Source records:
========
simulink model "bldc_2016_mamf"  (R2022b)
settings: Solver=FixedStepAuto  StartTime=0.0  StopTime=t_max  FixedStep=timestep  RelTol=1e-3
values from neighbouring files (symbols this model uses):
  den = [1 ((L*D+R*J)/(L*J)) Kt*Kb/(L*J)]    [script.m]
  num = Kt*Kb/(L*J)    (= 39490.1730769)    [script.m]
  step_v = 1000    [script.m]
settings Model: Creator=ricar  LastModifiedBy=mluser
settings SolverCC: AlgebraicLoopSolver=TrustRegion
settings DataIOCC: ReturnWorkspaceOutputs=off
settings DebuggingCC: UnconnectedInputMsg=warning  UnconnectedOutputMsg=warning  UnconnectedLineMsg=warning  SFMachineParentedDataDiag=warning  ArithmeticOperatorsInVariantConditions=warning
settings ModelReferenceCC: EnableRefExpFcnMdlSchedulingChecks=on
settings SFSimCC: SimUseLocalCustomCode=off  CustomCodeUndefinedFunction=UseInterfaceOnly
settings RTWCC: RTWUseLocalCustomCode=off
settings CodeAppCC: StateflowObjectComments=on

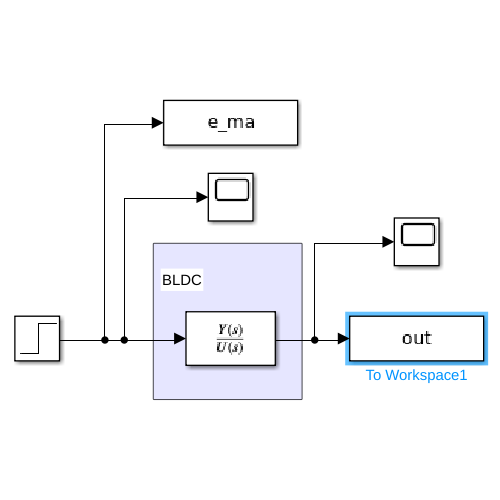
[thumbnail: Simulink's stored preview of the top-level diagram]
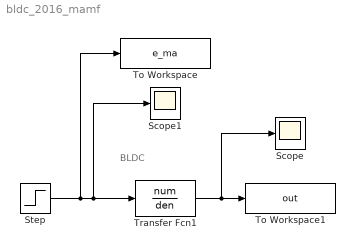
== system bldc_2016_mamf ==
  note: BLDC
  Scope : Scope
  Scope1 : Scope
  Step : Step  Time=0  After=step_v  SampleTime=0
  To Workspace : ToWorkspace  VariableName=e_ma  SampleTime=-1
  To Workspace1 : ToWorkspace  VariableName=out  SampleTime=-1
  Transfer Fcn1 : TransferFcn  Numerator=num  Denominator=den
  wires:
  Step/1 -> Transfer Fcn1/1, Scope1/1, To Workspace/1
  Transfer Fcn1/1 -> To Workspace1/1, Scope/1
========
Would you copy all of the data exactly? Keep the pictures out of it.

simulink model "bldc_2016_mamf"  (R2022b)
settings: Solver=FixedStepAuto  StartTime=0.0  StopTime=t_max  FixedStep=timestep  RelTol=1e-3
values from neighbouring files (symbols this model uses):
  den = [1 ((L*D+R*J)/(L*J)) Kt*Kb/(L*J)]    [script.m]
  num = Kt*Kb/(L*J)    (= 39490.1730769)    [script.m]
  step_v = 1000    [script.m]
settings Model: Creator=ricar  LastModifiedBy=mluser
settings SolverCC: AlgebraicLoopSolver=TrustRegion
settings DataIOCC: ReturnWorkspaceOutputs=off
settings DebuggingCC: UnconnectedInputMsg=warning  UnconnectedOutputMsg=warning  UnconnectedLineMsg=warning  SFMachineParentedDataDiag=warning  ArithmeticOperatorsInVariantConditions=warning
settings ModelReferenceCC: EnableRefExpFcnMdlSchedulingChecks=on
settings SFSimCC: SimUseLocalCustomCode=off  CustomCodeUndefinedFunction=UseInterfaceOnly
settings RTWCC: RTWUseLocalCustomCode=off
settings CodeAppCC: StateflowObjectComments=on

[thumbnail: Simulink's stored preview of the top-level diagram]
== system bldc_2016_mamf ==
  note: BLDC
  Scope : Scope
  Scope1 : Scope
  Step : Step  Time=0  After=step_v  SampleTime=0
  To Workspace : ToWorkspace  VariableName=e_ma  SampleTime=-1
  To Workspace1 : ToWorkspace  VariableName=out  SampleTime=-1
  Transfer Fcn1 : TransferFcn  Numerator=num  Denominator=den
  wires:
  Step/1 -> Transfer Fcn1/1, Scope1/1, To Workspace/1
  Transfer Fcn1/1 -> To Workspace1/1, Scope/1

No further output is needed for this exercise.